**Task to complete**
If a line below contains the string "FDCVCURrTqMinReq", return that line.

─── Dataset

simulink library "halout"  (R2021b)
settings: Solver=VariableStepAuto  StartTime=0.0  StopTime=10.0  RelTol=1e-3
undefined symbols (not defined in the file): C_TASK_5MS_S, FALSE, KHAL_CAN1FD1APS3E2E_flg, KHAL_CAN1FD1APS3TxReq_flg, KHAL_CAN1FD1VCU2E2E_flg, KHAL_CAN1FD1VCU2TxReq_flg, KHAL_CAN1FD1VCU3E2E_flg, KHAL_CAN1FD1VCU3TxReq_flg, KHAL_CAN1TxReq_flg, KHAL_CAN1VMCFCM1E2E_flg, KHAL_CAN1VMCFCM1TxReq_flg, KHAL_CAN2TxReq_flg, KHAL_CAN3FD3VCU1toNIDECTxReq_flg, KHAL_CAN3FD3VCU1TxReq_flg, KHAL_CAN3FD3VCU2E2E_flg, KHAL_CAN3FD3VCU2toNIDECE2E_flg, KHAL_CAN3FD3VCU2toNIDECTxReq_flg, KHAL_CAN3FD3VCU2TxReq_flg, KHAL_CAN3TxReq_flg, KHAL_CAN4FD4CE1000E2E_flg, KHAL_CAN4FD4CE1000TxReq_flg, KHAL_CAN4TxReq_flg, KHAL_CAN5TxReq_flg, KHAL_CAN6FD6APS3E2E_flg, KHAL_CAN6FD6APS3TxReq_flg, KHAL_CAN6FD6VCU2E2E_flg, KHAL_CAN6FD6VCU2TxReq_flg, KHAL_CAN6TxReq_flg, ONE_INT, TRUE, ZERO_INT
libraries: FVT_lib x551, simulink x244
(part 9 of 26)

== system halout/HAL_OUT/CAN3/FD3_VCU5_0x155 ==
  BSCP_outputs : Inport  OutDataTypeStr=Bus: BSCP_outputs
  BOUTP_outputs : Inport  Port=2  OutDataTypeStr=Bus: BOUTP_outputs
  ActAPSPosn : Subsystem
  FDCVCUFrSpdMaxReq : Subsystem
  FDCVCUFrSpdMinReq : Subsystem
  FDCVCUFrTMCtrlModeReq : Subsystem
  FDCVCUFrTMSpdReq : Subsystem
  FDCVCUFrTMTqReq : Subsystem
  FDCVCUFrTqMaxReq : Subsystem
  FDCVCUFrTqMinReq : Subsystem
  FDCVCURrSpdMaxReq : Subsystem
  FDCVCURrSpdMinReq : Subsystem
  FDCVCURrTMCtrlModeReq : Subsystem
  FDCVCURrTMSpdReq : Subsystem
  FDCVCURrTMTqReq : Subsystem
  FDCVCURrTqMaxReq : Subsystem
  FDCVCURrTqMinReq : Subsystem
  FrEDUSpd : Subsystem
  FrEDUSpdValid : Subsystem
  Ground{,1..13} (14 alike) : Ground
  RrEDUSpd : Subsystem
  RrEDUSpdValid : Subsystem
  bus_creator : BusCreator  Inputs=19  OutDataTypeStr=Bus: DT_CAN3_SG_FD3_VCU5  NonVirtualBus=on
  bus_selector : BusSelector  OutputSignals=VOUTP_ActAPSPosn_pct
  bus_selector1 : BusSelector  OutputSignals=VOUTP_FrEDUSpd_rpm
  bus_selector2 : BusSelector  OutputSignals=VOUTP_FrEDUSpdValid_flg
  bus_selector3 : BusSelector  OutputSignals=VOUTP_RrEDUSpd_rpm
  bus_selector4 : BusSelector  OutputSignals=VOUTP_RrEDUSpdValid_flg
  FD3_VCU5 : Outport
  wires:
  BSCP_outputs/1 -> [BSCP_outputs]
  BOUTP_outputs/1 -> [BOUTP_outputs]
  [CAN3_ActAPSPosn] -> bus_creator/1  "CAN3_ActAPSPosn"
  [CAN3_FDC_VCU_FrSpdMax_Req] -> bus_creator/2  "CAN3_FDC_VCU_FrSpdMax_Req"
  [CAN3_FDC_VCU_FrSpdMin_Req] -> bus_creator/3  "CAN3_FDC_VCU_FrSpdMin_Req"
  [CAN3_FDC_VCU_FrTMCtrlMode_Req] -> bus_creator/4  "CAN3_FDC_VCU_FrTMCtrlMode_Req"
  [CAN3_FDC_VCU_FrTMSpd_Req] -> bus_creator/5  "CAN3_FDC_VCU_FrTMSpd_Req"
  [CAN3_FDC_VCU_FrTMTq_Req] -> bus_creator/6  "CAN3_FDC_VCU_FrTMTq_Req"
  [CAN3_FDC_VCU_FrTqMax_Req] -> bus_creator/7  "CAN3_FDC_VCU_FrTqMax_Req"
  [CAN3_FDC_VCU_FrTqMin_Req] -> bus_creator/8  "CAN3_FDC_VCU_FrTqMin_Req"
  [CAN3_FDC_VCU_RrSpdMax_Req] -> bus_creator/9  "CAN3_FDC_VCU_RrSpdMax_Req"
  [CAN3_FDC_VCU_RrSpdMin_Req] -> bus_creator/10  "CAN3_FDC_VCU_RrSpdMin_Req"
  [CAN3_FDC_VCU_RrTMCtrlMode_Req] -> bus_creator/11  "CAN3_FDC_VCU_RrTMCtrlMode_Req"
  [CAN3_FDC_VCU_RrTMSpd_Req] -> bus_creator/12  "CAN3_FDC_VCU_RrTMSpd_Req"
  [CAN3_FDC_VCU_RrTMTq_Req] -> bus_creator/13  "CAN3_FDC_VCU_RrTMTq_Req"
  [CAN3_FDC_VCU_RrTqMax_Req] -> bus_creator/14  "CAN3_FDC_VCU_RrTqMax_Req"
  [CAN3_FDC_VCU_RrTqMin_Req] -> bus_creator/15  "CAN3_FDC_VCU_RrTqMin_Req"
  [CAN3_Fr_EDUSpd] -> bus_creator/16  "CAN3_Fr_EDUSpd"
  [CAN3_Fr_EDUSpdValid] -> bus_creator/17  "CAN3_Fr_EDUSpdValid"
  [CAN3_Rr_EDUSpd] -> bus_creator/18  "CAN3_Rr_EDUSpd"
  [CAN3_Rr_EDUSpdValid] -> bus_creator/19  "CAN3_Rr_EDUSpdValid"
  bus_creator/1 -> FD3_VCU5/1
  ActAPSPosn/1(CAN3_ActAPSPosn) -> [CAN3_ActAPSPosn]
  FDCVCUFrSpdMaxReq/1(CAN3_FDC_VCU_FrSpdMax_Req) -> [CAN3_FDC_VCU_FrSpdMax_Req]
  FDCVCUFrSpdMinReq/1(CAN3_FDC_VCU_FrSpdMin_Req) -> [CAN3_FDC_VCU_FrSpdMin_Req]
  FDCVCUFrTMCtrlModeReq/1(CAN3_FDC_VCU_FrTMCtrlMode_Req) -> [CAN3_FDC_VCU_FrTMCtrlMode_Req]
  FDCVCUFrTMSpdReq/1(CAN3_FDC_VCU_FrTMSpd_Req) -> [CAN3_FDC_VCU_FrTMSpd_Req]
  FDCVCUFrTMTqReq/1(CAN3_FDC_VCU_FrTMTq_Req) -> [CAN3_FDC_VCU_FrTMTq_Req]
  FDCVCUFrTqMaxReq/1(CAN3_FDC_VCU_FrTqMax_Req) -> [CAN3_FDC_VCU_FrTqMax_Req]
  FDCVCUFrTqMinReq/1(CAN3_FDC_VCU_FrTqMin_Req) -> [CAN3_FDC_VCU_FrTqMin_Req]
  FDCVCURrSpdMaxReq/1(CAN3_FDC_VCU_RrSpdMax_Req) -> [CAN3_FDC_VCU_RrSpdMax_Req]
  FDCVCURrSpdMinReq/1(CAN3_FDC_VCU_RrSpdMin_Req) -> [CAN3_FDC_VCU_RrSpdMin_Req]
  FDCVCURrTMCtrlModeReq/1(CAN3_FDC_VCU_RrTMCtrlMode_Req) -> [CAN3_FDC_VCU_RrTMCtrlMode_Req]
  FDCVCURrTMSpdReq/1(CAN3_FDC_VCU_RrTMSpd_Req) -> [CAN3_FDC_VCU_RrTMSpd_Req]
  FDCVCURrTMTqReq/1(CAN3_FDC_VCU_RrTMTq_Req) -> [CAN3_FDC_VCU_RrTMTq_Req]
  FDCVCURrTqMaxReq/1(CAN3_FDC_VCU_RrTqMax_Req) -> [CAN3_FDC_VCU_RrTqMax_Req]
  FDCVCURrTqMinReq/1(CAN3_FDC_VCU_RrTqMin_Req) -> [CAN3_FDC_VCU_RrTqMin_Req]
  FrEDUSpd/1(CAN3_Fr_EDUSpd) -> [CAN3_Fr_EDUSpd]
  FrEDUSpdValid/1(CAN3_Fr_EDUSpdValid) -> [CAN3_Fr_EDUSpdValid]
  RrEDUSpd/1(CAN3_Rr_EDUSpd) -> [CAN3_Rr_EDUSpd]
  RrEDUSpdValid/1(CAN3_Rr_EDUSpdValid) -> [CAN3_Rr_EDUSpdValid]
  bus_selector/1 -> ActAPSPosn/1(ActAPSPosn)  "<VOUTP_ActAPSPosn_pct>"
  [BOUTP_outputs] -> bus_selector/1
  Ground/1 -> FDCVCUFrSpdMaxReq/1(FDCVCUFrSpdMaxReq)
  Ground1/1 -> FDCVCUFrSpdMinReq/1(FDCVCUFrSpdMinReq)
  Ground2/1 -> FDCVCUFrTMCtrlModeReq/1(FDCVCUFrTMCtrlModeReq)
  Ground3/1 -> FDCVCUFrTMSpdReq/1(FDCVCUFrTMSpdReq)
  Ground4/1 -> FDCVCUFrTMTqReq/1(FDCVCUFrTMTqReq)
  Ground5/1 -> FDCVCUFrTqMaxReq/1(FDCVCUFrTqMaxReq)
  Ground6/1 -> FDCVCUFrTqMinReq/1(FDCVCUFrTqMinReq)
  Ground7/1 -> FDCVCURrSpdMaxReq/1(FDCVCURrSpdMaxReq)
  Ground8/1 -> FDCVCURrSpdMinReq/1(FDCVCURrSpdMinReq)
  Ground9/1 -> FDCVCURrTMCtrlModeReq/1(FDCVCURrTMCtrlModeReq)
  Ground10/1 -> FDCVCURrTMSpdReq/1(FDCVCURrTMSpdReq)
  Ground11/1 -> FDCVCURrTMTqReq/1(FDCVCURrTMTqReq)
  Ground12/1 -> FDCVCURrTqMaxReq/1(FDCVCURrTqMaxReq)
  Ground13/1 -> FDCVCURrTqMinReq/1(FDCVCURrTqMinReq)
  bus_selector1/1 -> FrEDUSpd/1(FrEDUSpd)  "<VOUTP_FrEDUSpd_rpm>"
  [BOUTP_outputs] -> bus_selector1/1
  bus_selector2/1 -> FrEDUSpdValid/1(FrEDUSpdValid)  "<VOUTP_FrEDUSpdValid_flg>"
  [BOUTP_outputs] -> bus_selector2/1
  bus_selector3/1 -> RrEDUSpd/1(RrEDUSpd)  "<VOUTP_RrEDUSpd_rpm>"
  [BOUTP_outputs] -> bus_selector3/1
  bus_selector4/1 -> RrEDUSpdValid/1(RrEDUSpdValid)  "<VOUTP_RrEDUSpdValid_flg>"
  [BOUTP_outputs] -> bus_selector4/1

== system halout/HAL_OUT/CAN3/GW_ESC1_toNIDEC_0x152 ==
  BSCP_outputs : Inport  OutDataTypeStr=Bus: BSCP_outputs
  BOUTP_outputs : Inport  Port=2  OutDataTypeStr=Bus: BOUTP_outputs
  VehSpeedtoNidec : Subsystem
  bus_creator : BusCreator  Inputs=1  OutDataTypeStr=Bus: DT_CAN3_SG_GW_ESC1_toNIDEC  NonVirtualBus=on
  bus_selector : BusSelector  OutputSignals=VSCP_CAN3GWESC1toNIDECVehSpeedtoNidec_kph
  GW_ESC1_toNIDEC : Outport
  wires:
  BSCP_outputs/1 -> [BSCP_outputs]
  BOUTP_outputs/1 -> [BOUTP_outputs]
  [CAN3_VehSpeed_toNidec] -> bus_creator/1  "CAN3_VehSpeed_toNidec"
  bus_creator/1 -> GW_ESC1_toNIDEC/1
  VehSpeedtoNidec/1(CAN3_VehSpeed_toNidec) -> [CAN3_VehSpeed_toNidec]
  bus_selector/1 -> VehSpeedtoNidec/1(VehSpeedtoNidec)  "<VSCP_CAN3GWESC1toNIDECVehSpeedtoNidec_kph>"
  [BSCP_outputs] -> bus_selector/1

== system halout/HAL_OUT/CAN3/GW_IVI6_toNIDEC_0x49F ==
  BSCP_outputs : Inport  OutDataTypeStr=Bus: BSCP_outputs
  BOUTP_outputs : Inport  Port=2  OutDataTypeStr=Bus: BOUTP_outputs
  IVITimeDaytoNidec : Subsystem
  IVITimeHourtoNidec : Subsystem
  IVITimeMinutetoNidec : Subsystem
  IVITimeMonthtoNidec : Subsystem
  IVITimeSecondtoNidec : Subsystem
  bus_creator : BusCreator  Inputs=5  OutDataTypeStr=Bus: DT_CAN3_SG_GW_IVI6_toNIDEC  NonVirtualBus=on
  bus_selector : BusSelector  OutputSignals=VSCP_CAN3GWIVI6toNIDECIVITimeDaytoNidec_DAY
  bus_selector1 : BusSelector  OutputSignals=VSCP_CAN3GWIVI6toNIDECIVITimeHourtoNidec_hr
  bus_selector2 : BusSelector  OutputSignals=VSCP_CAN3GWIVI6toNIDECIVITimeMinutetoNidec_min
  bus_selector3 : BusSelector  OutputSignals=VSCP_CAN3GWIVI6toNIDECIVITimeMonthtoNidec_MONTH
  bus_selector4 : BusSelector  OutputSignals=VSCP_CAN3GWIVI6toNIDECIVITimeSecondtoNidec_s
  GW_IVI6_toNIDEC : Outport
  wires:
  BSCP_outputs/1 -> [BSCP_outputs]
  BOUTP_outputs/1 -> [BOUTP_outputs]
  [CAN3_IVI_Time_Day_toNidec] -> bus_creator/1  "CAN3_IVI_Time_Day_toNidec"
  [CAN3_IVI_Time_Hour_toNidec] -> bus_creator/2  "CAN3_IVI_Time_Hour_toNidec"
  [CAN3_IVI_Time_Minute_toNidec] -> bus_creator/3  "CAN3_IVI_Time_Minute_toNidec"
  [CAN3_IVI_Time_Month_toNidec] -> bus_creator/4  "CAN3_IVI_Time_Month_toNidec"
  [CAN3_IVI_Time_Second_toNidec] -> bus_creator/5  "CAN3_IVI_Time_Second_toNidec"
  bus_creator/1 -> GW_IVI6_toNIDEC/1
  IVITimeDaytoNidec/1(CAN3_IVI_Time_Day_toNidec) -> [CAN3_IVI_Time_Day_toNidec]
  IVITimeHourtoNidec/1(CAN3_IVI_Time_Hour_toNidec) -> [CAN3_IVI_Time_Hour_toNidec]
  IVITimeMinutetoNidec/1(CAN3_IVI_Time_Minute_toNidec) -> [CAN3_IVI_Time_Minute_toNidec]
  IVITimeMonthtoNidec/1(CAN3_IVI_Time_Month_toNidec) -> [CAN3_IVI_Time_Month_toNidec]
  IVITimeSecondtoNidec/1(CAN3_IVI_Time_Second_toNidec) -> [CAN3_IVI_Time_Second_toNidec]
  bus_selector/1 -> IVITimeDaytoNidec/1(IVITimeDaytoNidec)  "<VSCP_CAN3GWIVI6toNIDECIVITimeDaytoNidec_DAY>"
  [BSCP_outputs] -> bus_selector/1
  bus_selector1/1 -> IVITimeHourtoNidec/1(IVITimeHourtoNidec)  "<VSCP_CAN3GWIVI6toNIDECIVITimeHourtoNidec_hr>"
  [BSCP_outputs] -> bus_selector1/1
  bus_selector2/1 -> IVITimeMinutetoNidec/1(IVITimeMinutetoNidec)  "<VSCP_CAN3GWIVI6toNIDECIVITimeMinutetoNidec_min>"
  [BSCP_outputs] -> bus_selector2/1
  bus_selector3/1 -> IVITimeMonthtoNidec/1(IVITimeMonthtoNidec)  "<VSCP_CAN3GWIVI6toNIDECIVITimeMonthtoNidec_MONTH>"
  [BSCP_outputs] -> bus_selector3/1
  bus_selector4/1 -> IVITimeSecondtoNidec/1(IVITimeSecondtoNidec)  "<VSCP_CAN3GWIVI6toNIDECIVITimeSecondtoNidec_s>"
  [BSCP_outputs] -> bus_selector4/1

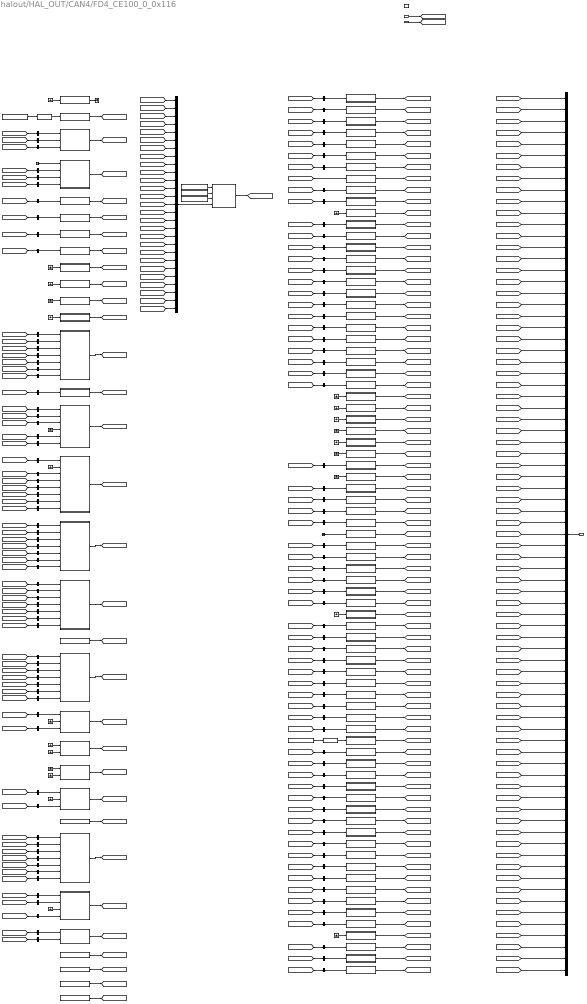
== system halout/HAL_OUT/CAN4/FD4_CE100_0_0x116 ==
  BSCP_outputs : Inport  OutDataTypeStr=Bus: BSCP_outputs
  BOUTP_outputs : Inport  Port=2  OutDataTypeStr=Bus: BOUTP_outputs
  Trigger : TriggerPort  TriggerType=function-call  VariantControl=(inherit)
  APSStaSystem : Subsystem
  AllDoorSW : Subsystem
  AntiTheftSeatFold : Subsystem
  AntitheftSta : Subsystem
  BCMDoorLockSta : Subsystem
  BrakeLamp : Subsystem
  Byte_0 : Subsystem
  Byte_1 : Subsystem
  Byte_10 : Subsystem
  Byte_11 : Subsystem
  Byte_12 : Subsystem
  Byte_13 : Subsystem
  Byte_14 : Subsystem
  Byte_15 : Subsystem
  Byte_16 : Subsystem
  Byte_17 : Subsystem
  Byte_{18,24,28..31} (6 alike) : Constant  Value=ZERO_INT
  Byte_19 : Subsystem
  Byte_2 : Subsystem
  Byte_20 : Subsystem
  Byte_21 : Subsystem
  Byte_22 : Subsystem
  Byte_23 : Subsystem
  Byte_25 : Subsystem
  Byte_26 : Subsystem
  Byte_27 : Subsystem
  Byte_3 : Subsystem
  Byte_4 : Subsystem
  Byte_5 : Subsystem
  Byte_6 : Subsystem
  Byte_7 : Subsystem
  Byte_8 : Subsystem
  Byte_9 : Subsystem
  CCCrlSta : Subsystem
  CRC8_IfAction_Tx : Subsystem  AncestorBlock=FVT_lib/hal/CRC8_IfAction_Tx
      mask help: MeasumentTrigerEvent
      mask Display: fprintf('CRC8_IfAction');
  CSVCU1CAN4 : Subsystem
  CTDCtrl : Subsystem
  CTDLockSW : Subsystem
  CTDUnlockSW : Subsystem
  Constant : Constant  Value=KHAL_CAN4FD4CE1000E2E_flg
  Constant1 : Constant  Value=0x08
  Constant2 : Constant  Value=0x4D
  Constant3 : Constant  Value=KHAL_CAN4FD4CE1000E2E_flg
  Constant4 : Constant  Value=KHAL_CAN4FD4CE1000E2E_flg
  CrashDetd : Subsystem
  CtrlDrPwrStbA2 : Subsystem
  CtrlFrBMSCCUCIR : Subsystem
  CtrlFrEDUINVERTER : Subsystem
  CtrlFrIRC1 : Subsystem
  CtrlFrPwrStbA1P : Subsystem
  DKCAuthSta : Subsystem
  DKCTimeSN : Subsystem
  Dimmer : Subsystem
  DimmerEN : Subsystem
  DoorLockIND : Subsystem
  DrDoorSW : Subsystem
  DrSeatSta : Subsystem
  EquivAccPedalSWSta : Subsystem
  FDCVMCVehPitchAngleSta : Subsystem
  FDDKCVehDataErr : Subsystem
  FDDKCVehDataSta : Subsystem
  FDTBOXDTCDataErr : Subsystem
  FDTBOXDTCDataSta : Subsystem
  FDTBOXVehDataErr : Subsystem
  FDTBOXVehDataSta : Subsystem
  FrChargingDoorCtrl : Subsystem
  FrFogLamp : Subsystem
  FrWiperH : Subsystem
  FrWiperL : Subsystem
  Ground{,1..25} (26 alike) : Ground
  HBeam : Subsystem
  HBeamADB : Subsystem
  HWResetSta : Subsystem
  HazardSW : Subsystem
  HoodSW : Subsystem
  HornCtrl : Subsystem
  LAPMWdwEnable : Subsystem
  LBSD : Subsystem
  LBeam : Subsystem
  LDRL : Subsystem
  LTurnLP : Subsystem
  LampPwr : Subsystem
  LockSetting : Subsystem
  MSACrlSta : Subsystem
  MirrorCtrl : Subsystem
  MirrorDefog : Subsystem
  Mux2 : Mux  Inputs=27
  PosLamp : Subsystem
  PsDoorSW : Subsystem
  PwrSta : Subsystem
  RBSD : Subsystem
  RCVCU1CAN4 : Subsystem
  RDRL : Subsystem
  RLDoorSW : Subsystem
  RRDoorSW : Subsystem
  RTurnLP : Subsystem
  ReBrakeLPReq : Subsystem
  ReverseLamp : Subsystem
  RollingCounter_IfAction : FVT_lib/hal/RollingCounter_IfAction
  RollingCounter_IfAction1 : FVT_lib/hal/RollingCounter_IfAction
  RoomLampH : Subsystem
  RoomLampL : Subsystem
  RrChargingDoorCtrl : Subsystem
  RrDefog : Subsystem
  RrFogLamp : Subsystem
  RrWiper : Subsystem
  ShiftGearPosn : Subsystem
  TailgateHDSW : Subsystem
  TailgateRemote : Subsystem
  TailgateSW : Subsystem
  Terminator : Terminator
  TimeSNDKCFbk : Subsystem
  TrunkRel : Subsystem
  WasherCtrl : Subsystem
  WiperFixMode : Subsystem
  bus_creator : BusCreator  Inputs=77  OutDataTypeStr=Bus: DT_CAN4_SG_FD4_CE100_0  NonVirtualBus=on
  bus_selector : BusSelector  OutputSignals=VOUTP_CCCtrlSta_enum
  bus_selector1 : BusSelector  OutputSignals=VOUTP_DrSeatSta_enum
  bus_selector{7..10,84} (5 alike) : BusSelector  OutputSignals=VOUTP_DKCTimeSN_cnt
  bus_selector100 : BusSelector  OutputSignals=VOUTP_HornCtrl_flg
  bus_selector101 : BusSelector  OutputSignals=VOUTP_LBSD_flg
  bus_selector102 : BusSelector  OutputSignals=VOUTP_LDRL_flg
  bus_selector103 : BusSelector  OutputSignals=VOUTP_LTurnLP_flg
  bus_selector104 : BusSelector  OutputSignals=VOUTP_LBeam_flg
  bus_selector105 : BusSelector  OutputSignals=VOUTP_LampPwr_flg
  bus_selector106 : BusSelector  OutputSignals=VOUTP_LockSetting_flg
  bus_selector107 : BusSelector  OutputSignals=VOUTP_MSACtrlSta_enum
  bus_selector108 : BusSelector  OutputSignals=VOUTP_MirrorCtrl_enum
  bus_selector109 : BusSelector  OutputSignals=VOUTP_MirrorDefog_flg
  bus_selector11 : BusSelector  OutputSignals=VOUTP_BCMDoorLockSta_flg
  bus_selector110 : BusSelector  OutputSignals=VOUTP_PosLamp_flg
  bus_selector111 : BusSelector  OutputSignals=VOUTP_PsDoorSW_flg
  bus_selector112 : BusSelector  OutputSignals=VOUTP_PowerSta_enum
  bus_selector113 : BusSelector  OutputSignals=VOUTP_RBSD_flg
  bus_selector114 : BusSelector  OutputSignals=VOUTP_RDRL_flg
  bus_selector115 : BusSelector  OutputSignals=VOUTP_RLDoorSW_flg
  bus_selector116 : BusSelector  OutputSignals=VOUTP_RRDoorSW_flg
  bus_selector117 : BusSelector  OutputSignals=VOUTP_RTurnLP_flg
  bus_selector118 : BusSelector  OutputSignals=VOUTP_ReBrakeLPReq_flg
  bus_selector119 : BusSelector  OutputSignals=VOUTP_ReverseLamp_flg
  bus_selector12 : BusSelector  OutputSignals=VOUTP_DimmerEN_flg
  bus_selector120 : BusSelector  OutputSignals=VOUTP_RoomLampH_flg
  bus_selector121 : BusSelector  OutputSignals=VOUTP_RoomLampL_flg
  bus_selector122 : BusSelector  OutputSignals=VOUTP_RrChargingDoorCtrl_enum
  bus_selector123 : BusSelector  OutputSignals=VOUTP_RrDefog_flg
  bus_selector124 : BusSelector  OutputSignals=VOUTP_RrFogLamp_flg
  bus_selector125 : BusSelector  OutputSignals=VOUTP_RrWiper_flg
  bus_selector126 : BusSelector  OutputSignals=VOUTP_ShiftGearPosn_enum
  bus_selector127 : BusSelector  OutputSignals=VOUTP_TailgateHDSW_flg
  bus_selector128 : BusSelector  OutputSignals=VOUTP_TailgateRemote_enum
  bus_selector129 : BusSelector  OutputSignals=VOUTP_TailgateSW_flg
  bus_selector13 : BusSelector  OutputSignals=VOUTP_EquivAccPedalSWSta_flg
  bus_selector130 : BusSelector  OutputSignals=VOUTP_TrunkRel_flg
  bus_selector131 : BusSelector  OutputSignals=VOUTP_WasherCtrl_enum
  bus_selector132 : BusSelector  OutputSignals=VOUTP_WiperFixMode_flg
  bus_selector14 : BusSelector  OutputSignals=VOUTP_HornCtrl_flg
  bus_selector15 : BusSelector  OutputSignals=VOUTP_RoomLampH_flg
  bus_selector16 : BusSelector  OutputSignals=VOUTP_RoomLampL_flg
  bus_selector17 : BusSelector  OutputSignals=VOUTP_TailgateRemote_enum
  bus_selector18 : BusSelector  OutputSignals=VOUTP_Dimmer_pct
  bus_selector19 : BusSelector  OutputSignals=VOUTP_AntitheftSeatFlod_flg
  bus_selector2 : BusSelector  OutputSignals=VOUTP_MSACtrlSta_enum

──────

**Exercise result**
  FDCVCURrTqMinReq : Subsystem
  FDCVCURrTqMinReq/1(CAN3_FDC_VCU_RrTqMin_Req) -> [CAN3_FDC_VCU_RrTqMin_Req]
  Ground13/1 -> FDCVCURrTqMinReq/1(FDCVCURrTqMinReq)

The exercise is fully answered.